Sunday, January 13, 2013

The allure of the first novel

A first novel holds a special place in an author's heart – sometimes it is the only book they will write, sometimes the best. Occasionally, the writer would prefer to forget it altogether

First novel book jackets
First novels: sometimes treasured, occasionally forgotten

In the summer of 1982 I bought a cheap paperback from Dick's Book Stall on Ipswich Market and read it over the next few days. I was feeling isolated, having just moved with my family from Manchester to East Anglia. In September I would be going to London to take up a university place. I read the novel and something about it seemed to reflect my feelings of uprootedness and anxiety. I found the novel as powerful as it was puzzling. At the end of the summer the book didn't quite fit into my suitcase, and as the content of it was slowly forgotten, along with the title and author's name, somehow the physical book itself also vanished from my life.

Two years later, teaching English and acting in a long-running play in Paris, I started writing my first novel, Counterparts. My mind went back to the novel I had read in 1982. Returning to London in the summer of 1985 I started looking for another copy.
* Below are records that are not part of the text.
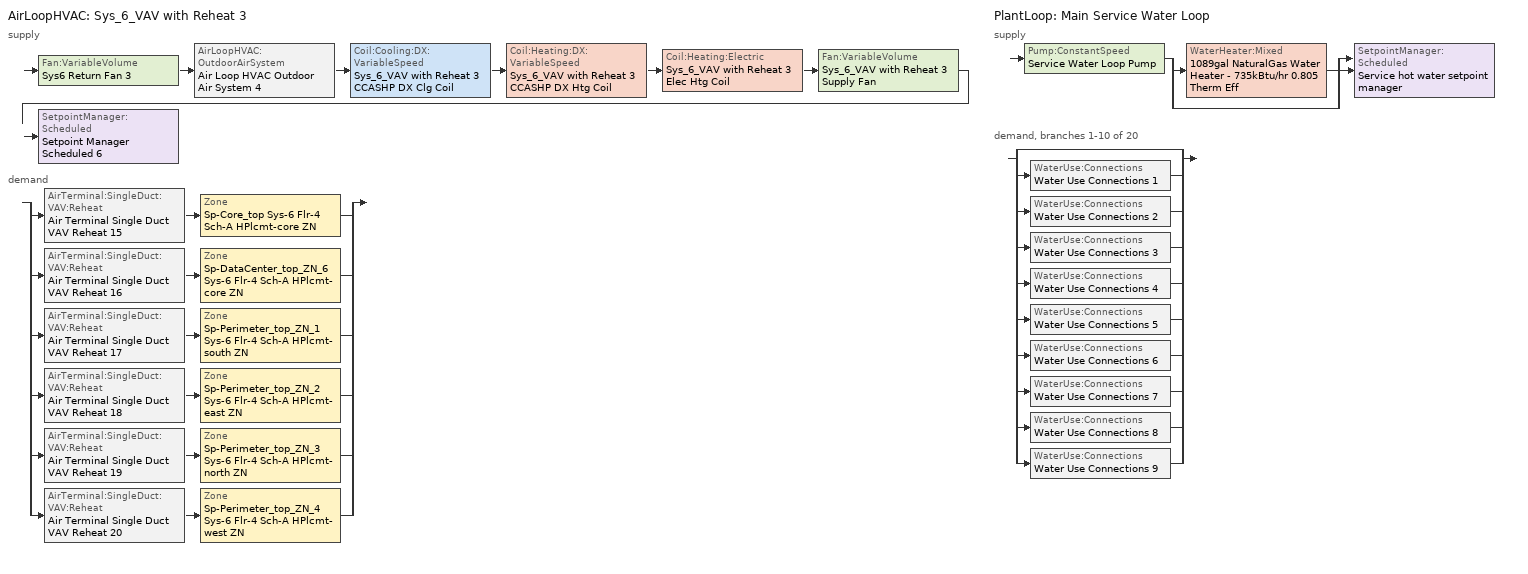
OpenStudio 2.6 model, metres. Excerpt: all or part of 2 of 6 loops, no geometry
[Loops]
AirLoopHVAC 'Sys_6_VAV with Reheat 3'
 supply: Fan:VariableVolume 'Sys6 Return Fan 3' > AirLoopHVAC:OutdoorAirSystem 'Air Loop HVAC Outdoor Air System 4' > Coil:Cooling:DX:VariableSpeed 'Sys_6_VAV with Reheat 3 CCASHP DX Clg Coil' > Coil:Heating:DX:VariableSpeed 'Sys_6_VAV with Reheat 3 CCASHP DX Htg Coil' > Coil:Heating:Electric 'Sys_6_VAV with Reheat 3 Elec Htg Coil' > Fan:VariableVolume 'Sys_6_VAV with Reheat 3 Supply Fan' > SetpointManager:Scheduled 'Setpoint Manager Scheduled 6'
 demand: split
  | AirTerminal:SingleDuct:VAV:Reheat 'Air Terminal Single Duct VAV Reheat 15' > Zone 'Sp-Core_top Sys-6 Flr-4 Sch-A HPlcmt-core ZN'
  | AirTerminal:SingleDuct:VAV:Reheat 'Air Terminal Single Duct VAV Reheat 16' > Zone 'Sp-DataCenter_top_ZN_6 Sys-6 Flr-4 Sch-A HPlcmt-core ZN'
  | AirTerminal:SingleDuct:VAV:Reheat 'Air Terminal Single Duct VAV Reheat 17' > Zone 'Sp-Perimeter_top_ZN_1 Sys-6 Flr-4 Sch-A HPlcmt-south ZN'
  | AirTerminal:SingleDuct:VAV:Reheat 'Air Terminal Single Duct VAV Reheat 18' > Zone 'Sp-Perimeter_top_ZN_2 Sys-6 Flr-4 Sch-A HPlcmt-east ZN'
  | AirTerminal:SingleDuct:VAV:Reheat 'Air Terminal Single Duct VAV Reheat 19' > Zone 'Sp-Perimeter_top_ZN_3 Sys-6 Flr-4 Sch-A HPlcmt-north ZN'
  | AirTerminal:SingleDuct:VAV:Reheat 'Air Terminal Single Duct VAV Reheat 20' > Zone 'Sp-Perimeter_top_ZN_4 Sys-6 Flr-4 Sch-A HPlcmt-west ZN'
PlantLoop 'Main Service Water Loop'
 supply: Pump:ConstantSpeed 'Service Water Loop Pump' > split
  | WaterHeater:Mixed '1089gal NaturalGas Water Heater - 735kBtu/hr 0.805 Therm Eff'
  | bypass
  join > SetpointManager:Scheduled 'Service hot water setpoint manager'
 demand, branches 1-10 of 20: split
  | bypass
  | WaterUse:Connections 'Water Use Connections 1'
  | WaterUse:Connections 'Water Use Connections 2'
  | WaterUse:Connections 'Water Use Connections 3'
  | WaterUse:Connections 'Water Use Connections 4'
  | WaterUse:Connections 'Water Use Connections 5'
  | WaterUse:Connections 'Water Use Connections 6'
  | WaterUse:Connections 'Water Use Connections 7'
  | WaterUse:Connections 'Water Use Connections 8'
  | WaterUse:Connections 'Water Use Connections 9'
[Sizing:Zone] Zone Cooling Design Supply Air Temperature Input Method=SupplyAirTemperature; Zone Cooling Design Supply Air Temperature {C}=13; Zone Cooling Design Supply Air Temperature Difference {deltaC}=11.11; Zone Heating Design Supply Air Temperature Input Method=SupplyAirTemperature; Zone Heating Design Supply Air Temperature {C}=43; Zone Heating Design Supply Air Temperature Difference {deltaC}=11.11; Zone Cooling Design Supply Air Humidity Ratio {kg-H2O/kg-air}=0.0085; Zone Heating Design Supply Air Humidity Ratio {kg-H2O/kg-air}=0.008; Zone Heating Sizing Factor=1.3; Zone Cooling Sizing Factor=1.1; Cooling Design Air Flow Method=DesignDay; Heating Design Air Flow Method=DesignDay; Account for Dedicated Outdoor Air System=No; Dedicated Outdoor Air System Control Strategy=NeutralSupplyAir; Dedicated Outdoor Air Low Setpoint Temperature for Design {C}=autosize; Dedicated Outdoor Air High Setpoint Temperature for Design {C}=autosize
Sp-Perimeter_top_ZN_3 Sys-6 Flr-4 Sch-A HPlcmt-north ZN; Sp-Perimeter_top_ZN_2 Sys-6 Flr-4 Sch-A HPlcmt-east ZN; Sp-Perimeter_top_ZN_4 Sys-6 Flr-4 Sch-A HPlcmt-west ZN; Sp-Perimeter_top_ZN_1 Sys-6 Flr-4 Sch-A HPlcmt-south ZN; Sp-Core_top Sys-6 Flr-4 Sch-A HPlcmt-core ZN; Sp-DataCenter_top_ZN_6 Sys-6 Flr-4 Sch-A HPlcmt-core ZN
[Zone equipment]
Sp-Perimeter_top_ZN_3 Sys-6 Flr-4 Sch-A HPlcmt-north ZN: Air Terminal Single Duct VAV Reheat 19, Sp-Perimeter_top_ZN_3 Sys-6 Flr-4 Sch-A HPlcmt-north ZN Elec Baseboard
Sp-Perimeter_top_ZN_2 Sys-6 Flr-4 Sch-A HPlcmt-east ZN: Air Terminal Single Duct VAV Reheat 18, Sp-Perimeter_top_ZN_2 Sys-6 Flr-4 Sch-A HPlcmt-east ZN Elec Baseboard
Sp-Perimeter_top_ZN_4 Sys-6 Flr-4 Sch-A HPlcmt-west ZN: Air Terminal Single Duct VAV Reheat 20, Sp-Perimeter_top_ZN_4 Sys-6 Flr-4 Sch-A HPlcmt-west ZN Elec Baseboard
Sp-Perimeter_top_ZN_1 Sys-6 Flr-4 Sch-A HPlcmt-south ZN: Air Terminal Single Duct VAV Reheat 17, Sp-Perimeter_top_ZN_1 Sys-6 Flr-4 Sch-A HPlcmt-south ZN Elec Baseboard
Sp-Core_top Sys-6 Flr-4 Sch-A HPlcmt-core ZN: Air Terminal Single Duct VAV Reheat 15, Sp-Core_top Sys-6 Flr-4 Sch-A HPlcmt-core ZN Elec Baseboard
Sp-DataCenter_top_ZN_6 Sys-6 Flr-4 Sch-A HPlcmt-core ZN: Air Terminal Single Duct VAV Reheat 16, Sp-DataCenter_top_ZN_6 Sys-6 Flr-4 Sch-A HPlcmt-core ZN Elec Baseboard
[PlantLoop]
Main Service Water Loop: Glycol Concentration=0; Maximum Loop Temperature {C}=60; Minimum Loop Temperature {C}=10; Plant Loop Volume {m3}=Autocalculate; Load Distribution Scheme=Optimal
[Sizing:Plant]
Main Service Water Loop: Loop Type=Heating; Design Loop Exit Temperature {C}=60; Loop Design Temperature Difference {deltaC}=5; Sizing Option=NonCoincident; Zone Timesteps in Averaging Window=1; Coincident Sizing Factor Mode=None
[AirLoopHVAC]
Sys_6_VAV with Reheat 3: Availability Schedule=Sys_6_VAV with Reheat 3 Occ Sch; Design Supply Air Flow Rate {m3/s}=AutoSize
[Sizing:System]
Sys_6_VAV with Reheat 3: Type of Load to Size On=Sensible; Design Outdoor Air Flow Rate {m3/s}=Autosize; Minimum System Air Flow Ratio=0.3; Preheat Design Temperature {C}=7; Preheat Design Humidity Ratio {kg-H2O/kg-Air}=0.008; Precool Design Temperature {C}=12.8; Precool Design Humidity Ratio {kg-H2O/kg-Air}=0.008; Central Cooling Design Supply Air Temperature {C}=13; Central Heating Design Supply Air Temperature {C}=13.1; Sizing Option=NonCoincident; 100% Outdoor Air in Cooling=No; 100% Outdoor Air in Heating=No; Central Cooling Design Supply Air Humidity Ratio {kg-H2O/kg-Air}=0.0085; Central Heating Design Supply Air Humidity Ratio {kg-H2O/kg-Air}=0.008; Cooling Design Air Flow Method=DesignDay; Cooling Design Air Flow Rate {m3/s}=0; Heating Design Air Flow Method=DesignDay; Heating Design Air Flow Rate {m3/s}=0; System Outdoor Air Method=ZoneSum; Zone Maximum Outdoor Air Fraction=1; Cooling Supply Air Flow Rate Per Floor Area {m3/s-m2}=0.00996765; Cooling Fraction of Autosized Cooling Supply Air Flow Rate=1; Cooling Supply Air Flow Rate Per Unit Cooling Capacity {m3/s-W}=3.94755e-05; Heating Supply Air Flow Rate Per Floor Area {m3/s-m2}=0.00996765; Heating Fraction of Autosized Heating Supply Air Flow Rate=1; Heating Fraction of Autosized Cooling Supply Air Flow Rate=1; Heating Supply Air Flow Rate Per Unit Heating Capacity {m3/s-W}=3.15882e-05; Cooling Design Capacity Method=CoolingDesignCapacity; Cooling Design Capacity {W}=autosize; Cooling Design Capacity Per Floor Area {W/m2}=234.7; Fraction of Autosized Cooling Design Capacity=1; Heating Design Capacity Method=HeatingDesignCapacity; Heating Design Capacity {W}=autosize; Heating Design Capacity Per Floor Area {W/m2}=157; Fraction of Autosized Heating Design Capacity=1; Central Cooling Capacity Control Method=OnOff
[Fan:VariableVolume] Availability Schedule=Always On Discrete; Maximum Flow Rate {m3/s}=Autosize; Fan Power Minimum Flow Rate Input Method=Fraction; Fan Power Minimum Air Flow Rate {m3/s}=0; Motor In Airstream Fraction=1; Fan Power Coefficient 5=0
Name | Fan Efficiency | Pressure Rise {Pa} | Fan Power Minimum Flow Fraction | Motor Efficiency | Fan Power Coefficient 1 | Fan Power Coefficient 2 | Fan Power Coefficient 3 | Fan Power Coefficient 4
Sys6 Return Fan 3 | 0.299975 | 250 | 0.68 | 0.4615 | -2.4176 | 9.5874 | -11.559 | 5.4009
Sys_6_VAV with Reheat 3 Supply Fan | 0.549965 | 1000 | 0.5 | 0.8461 | -4.1457 | 16.803 | -19.471 | 7.8488
[Controller:OutdoorAir]
Controller Outdoor Air 4: Minimum Outdoor Air Flow Rate {m3/s}=autosize; Maximum Outdoor Air Flow Rate {m3/s}=Autosize; Economizer Control Type=DifferentialEnthalpy; Economizer Control Action Type=ModulateFlow; Lockout Type=NoLockout; Minimum Limit Type=FixedMinimum; Minimum Outdoor Air Schedule=Sys_6_VAV with Reheat 3 Occ Sch; Controller Mechanical Ventilation=Controller Mechanical Ventilation 4; High Humidity Control=No; Heat Recovery Bypass Control Type=BypassWhenOAFlowGreaterThanMinimum
[Controller:MechanicalVentilation]
Controller Mechanical Ventilation 4: Availability Schedule=Always On Discrete; System Outdoor Air Method=ZoneSum
[AirLoopHVAC:OutdoorAirSystem]
Air Loop HVAC Outdoor Air System 4: Controller=Controller Outdoor Air 4
[SetpointManager:Scheduled] Control Variable=Temperature
Name | Schedule
Setpoint Manager Scheduled 6 | Supply Air Temp 3
Service hot water setpoint manager | Service Water Loop Temp - 140F
[AirTerminal:SingleDuct:VAV:Reheat] Availability Schedule=Always On Discrete; Maximum Air Flow Rate {m3/s}=AutoSize; Zone Minimum Air Flow Input Method=Constant; Constant Minimum Air Flow Fraction=0.3; Maximum Hot Water or Steam Flow Rate {m3/s}=AutoSize; Minimum Hot Water or Steam Flow Rate {m3/s}=0; Convergence Tolerance=0.001; Damper Heating Action=Normal; Maximum Flow per Zone Floor Area During Reheat {m3/s-m2}=AutoSize; Maximum Flow Fraction During Reheat=0.5; Maximum Reheat Air Temperature {C}=43; Control For Outdoor Air=No
Name | Fixed Minimum Air Flow Rate {m3/s} | Reheat Coil
Air Terminal Single Duct VAV Reheat 15 | 4.99224 | Coil Heating Electric 1
Air Terminal Single Duct VAV Reheat 16 | 0.0724055 | Coil Heating Electric 2
Air Terminal Single Duct VAV Reheat 17 | 0.626839 | Coil Heating Electric 3
Air Terminal Single Duct VAV Reheat 18 | 0.40395 | Coil Heating Electric 4
Air Terminal Single Duct VAV Reheat 19 | 0.626826 | Coil Heating Electric 5
Air Terminal Single Duct VAV Reheat 20 | 0.40395 | Coil Heating Electric 6
[Pump:ConstantSpeed]
Service Water Loop Pump: Rated Flow Rate {m3/s}=autosize; Rated Pump Head {Pa}=1.48663e+06; Rated Power Consumption {W}=autosize; Motor Efficiency=0.895; Fraction of Motor Inefficiencies to Fluid Stream=0; Pump Control Type=Intermittent; Design Power Sizing Method=PowerPerFlowPerPressure; Design Electric Power per Unit Flow Rate {W/(m3/s)}=348701.1; Design Shaft Power per Unit Flow Rate per Unit Head {W-s/m3-Pa}=1.28205
[WaterHeater:Mixed]
1089gal NaturalGas Water Heater - 735kBtu/hr 0.805 Therm Eff: Tank Volume {m3}=4.12099; Setpoint Temperature Schedule=Service Water Loop Temp - 140F; Deadband Temperature Difference {deltaC}=2; Maximum Temperature Limit {C}=82.2222; Heater Control Type=Cycle; Heater Maximum Capacity {W}=215321; Heater Fuel Type=NaturalGas; Heater Thermal Efficiency=0.804952; Part Load Factor Curve=SWH-EFFFPLR-NECB2011; Off Cycle Parasitic Fuel Consumption Rate {W}=20; Off Cycle Parasitic Fuel Type=NaturalGas; Off Cycle Parasitic Heat Fraction to Tank=0.8; On Cycle Parasitic Fuel Type=NaturalGas; On Cycle Parasitic Heat Fraction to Tank=0; Ambient Temperature Indicator=Schedule; Ambient Temperature Schedule=Water Heater Ambient Temp Schedule - 70F; Off Cycle Loss Coefficient to Ambient Temperature {W/K}=27.4182; On Cycle Loss Coefficient to Ambient Temperature {W/K}=27.4182; Use Side Effectiveness=1; Source Side Effectiveness=1; Use Side Design Flow Rate {m3/s}=autosize; Source Side Design Flow Rate {m3/s}=autosize; Indirect Water Heating Recovery Time {hr}=1.5; Source Side Flow Control Mode=IndirectHeatPrimarySetpoint
[WaterUse:Connections]
Name | Water Use Equipment Name 1
Water Use Connections 1 | Core_bottom Service Water Use 0.95gal/min
Water Use Connections 2 | Core_mid Service Water Use 0.95gal/min
Water Use Connections 3 | Core_top Service Water Use 0.95gal/min
Water Use Connections 4 | Datacenter_basement_zn_6 Service Water Use 0.3gal/min
Water Use Connections 5 | Datacenter_bot_zn_6 Service Water Use 0.01gal/min
Water Use Connections 6 | Datacenter_mid_zn_6 Service Water Use 0.01gal/min
Water Use Connections 7 | Datacenter_top_zn_6 Service Water Use 0.01gal/min
Water Use Connections 8 | Perimeter_bot_zn_1 Service Water Use 0.12gal/min
Water Use Connections 9 | Perimeter_bot_zn_2 Service Water Use 0.08gal/min
[WaterUse:Equipment:Definition]
Name | Peak Flow Rate {m3/s} | Target Temperature Schedule | Sensible Fraction Schedule | Latent Fraction Schedule
Core_bottom Service Water Use Def 0.95gal/min | 5.96587e-05 | Schedule Ruleset 5 | Schedule Ruleset 3 | Schedule Ruleset 4
Core_mid Service Water Use Def 0.95gal/min | 5.96587e-05 | Schedule Ruleset 8 | Schedule Ruleset 6 | Schedule Ruleset 7
Core_top Service Water Use Def 0.95gal/min | 5.96587e-05 | Schedule Ruleset 11 | Schedule Ruleset 9 | Schedule Ruleset 10
Datacenter_basement_zn_6 Service Water Use Def 0.3gal/min | 1.87304e-05 | Schedule Ruleset 14 | Schedule Ruleset 12 | Schedule Ruleset 13
Datacenter_bot_zn_6 Service Water Use Def 0.01gal/min | 8.65266e-07 | Schedule Ruleset 17 | Schedule Ruleset 15 | Schedule Ruleset 16
Datacenter_mid_zn_6 Service Water Use Def 0.01gal/min | 8.65266e-07 | Schedule Ruleset 20 | Schedule Ruleset 18 | Schedule Ruleset 19
Datacenter_top_zn_6 Service Water Use Def 0.01gal/min | 8.65266e-07 | Schedule Ruleset 23 | Schedule Ruleset 21 | Schedule Ruleset 22
Perimeter_bot_zn_1 Service Water Use Def 0.12gal/min | 7.4909e-06 | Schedule Ruleset 26 | Schedule Ruleset 24 | Schedule Ruleset 25
Perimeter_bot_zn_2 Service Water Use Def 0.08gal/min | 4.82732e-06 | Schedule Ruleset 29 | Schedule Ruleset 27 | Schedule Ruleset 28
[WaterUse:Equipment] Flow Rate Fraction Schedule=NECB-A-Service Water Heating
Name | Water Use Equipment Definition | Space
Core_bottom Service Water Use 0.95gal/min | Core_bottom Service Water Use Def 0.95gal/min | Core_bottom
Core_mid Service Water Use 0.95gal/min | Core_mid Service Water Use Def 0.95gal/min | Core_mid
Core_top Service Water Use 0.95gal/min | Core_top Service Water Use Def 0.95gal/min | Core_top
Datacenter_basement_zn_6 Service Water Use 0.3gal/min | Datacenter_basement_zn_6 Service Water Use Def 0.3gal/min | DataCenter_basement_ZN_6
Datacenter_bot_zn_6 Service Water Use 0.01gal/min | Datacenter_bot_zn_6 Service Water Use Def 0.01gal/min | DataCenter_bot_ZN_6
Datacenter_mid_zn_6 Service Water Use 0.01gal/min | Datacenter_mid_zn_6 Service Water Use Def 0.01gal/min | DataCenter_mid_ZN_6
Datacenter_top_zn_6 Service Water Use 0.01gal/min | Datacenter_top_zn_6 Service Water Use Def 0.01gal/min | DataCenter_top_ZN_6
Perimeter_bot_zn_1 Service Water Use 0.12gal/min | Perimeter_bot_zn_1 Service Water Use Def 0.12gal/min | Perimeter_bot_ZN_1
Perimeter_bot_zn_2 Service Water Use 0.08gal/min | Perimeter_bot_zn_2 Service Water Use Def 0.08gal/min | Perimeter_bot_ZN_2
[Coil:Cooling:DX:VariableSpeed]
Sys_6_VAV with Reheat 3 CCASHP DX Clg Coil: Nominal Speed Level=1; Gross Rated Total Cooling Capacity At Selected Nominal Speed Level {W}=190184; Rated Air Flow Rate At Selected Nominal Speed Level {m3/s}=autosize; Nominal Time for Condensate to Begin Leaving the Coil {s}=0; Initial Moisture Evaporation Rate Divided by Steady-State AC Latent Capacity=0; Energy Part Load Fraction Curve=Mitsubishi Hyper Heating VRF CPLFFPLR curve; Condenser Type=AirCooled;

I tried libraries, secondhand bookshops, a book search. I tried the British Library and New English Library, because I could remember their logo on the spine, but I could find no trace anywhere of the title dredged up from my memory, The Haunted Shore, by MN Hillman. Thwarted in my search, I stopped actively looking, and as the years passed, The Haunted Shore gradually acquired talisman-like status. I remembered nothing about it, apart from a sense of mystery, inevitably deepened by the book's vanishing act, and the cover: a photograph, with a distinct green cast, of a deserted seashore.

In 2007, a broadsheet newspaper ran a feature on well-known writers' unsuccessful first novels. My eye was drawn to one cover in particular. It was the book I'd been searching for, but the title and author's name were different. The Haunted Storm by Philip N Pullman. The article said that Pullman refuses to discuss the novel and had even erased it from his entry in Who's Who.

My long search over, I went online and found that three copies of the paperback were available for around £100 each. The hardback could be had for £1,000. I bought one off eBay – the paperback, obviously. I kind of had to, really. I didn't read it, however, and in fact I soon gave it away to a book-loving friend, and bought another, which I still didn't read. In the meantime I had joined the teaching staff of the Manchester Writing School at Manchester Metropolitan University, where my colleague Andrew Biswell taught a literature course on first novels. Why first novels, I wondered.